Dia menjelaskan hidup di panti asuhan itu sangat membosankan dan selalu harus mengikuti perintah dari pemilik panti. Dia merasa hidupnya seperti terkekang di dalam sangkar dan rasanya sulit untuk ke luar dari tempat itu. Akan tetapi, untungnya dia tidak sendiri menghadapi hal itu. Dia ditemani oleh seorang sahabat baiknya.
"Wah, Kakak sangat beruntung memiliki teman seperjuangan dalam hidup." Gideon tersenyum penjelasan Anastasia. Raut wajahnya seketika murung beberapa menit setelahnya. "Sedangkan diriku hanya seorang diri."

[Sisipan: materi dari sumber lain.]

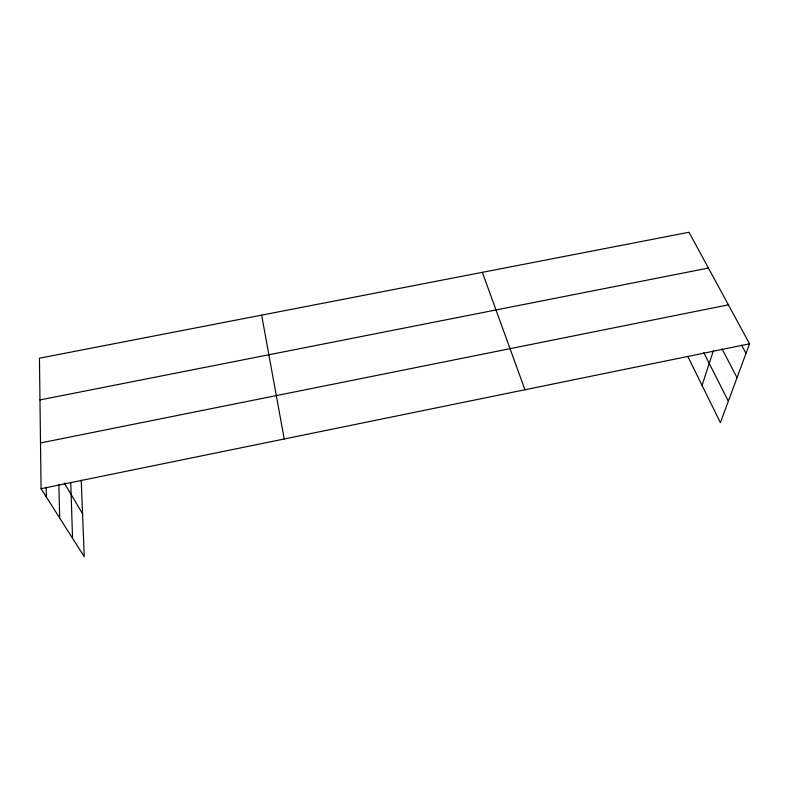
<?xml version="1.0" encoding="UTF-8"?>
<svg xmlns="http://www.w3.org/2000/svg" width="789" height="789" viewBox="0 0 789 789"><rect width="100%" height="100%" fill="white"/><g stroke="black" fill="none" stroke-linecap="round" stroke-linejoin="round"><path stroke-width="1.18" d="M702.042 385.357L713.345 350.809M81.228 480.136L84.265 556.738L41.067 488.707L39.45 358.206L689.004 232.262L749.55 343.826L720.396 422.667L687.85 356.52M41.067 488.707L749.55 343.826M40.505 442.945L728.395 304.83M39.973 399.924L708.423 268.053M64.234 482.898L82.559 513.738M741.561 345.118L746.009 353.403M722.004 348.817L737.025 377.694M703.837 352.713L728.336 401.197M482.355 272.333L524.932 389.756M261.642 315.127L284.227 438.98M70.754 482.848L72.558 538.295M58.869 484.397L59.688 518.028M46.196 487.306L46.344 497.021"/></g></svg>

"Gideon aku yakin kamu pasti memiliki teman. Akan tetapi, aku merasa mungkin belum mendapatkannya."
Beberapa menit kemudian, terdengar suara gonggongan anjing yang terdengar semakin jelas. Anastasia berbalik dan melihat anjing madam Theresa berlari ke arahnya dan seketika melompat ke arahnya.
"Hei Wolfy, tenanglah," ucap Anastasia dengan tertawa. "Kamu pasti sangat senang kan setelah bermain cukup lama?"
"Kakak punya peliharaan?" tanya Gideon penasaran.
"Ah, bukan. Aku hanya ditugaskan untuk membawanya bermain di luar,"
"Wah, anjing yang sangat lucu. Kak, apakah aku boleh menyentuhnya?"
"Oh, ya. Tapi Wolfy bisa sangat galak kepada orang asing," ucap Anastasia memberikan peringatan. "Aku saja kewalahan menjaganya."
Akan tetapi ketika Gideon menyentuhnya, Wolfy terlihat tenang dan tidak menunjukkan gerakan menyerang. Anastasia yang melihat hal itu merasa takjub. Wolfy terlihat begitu menurut dengan setiap yang diucapkan Gideon.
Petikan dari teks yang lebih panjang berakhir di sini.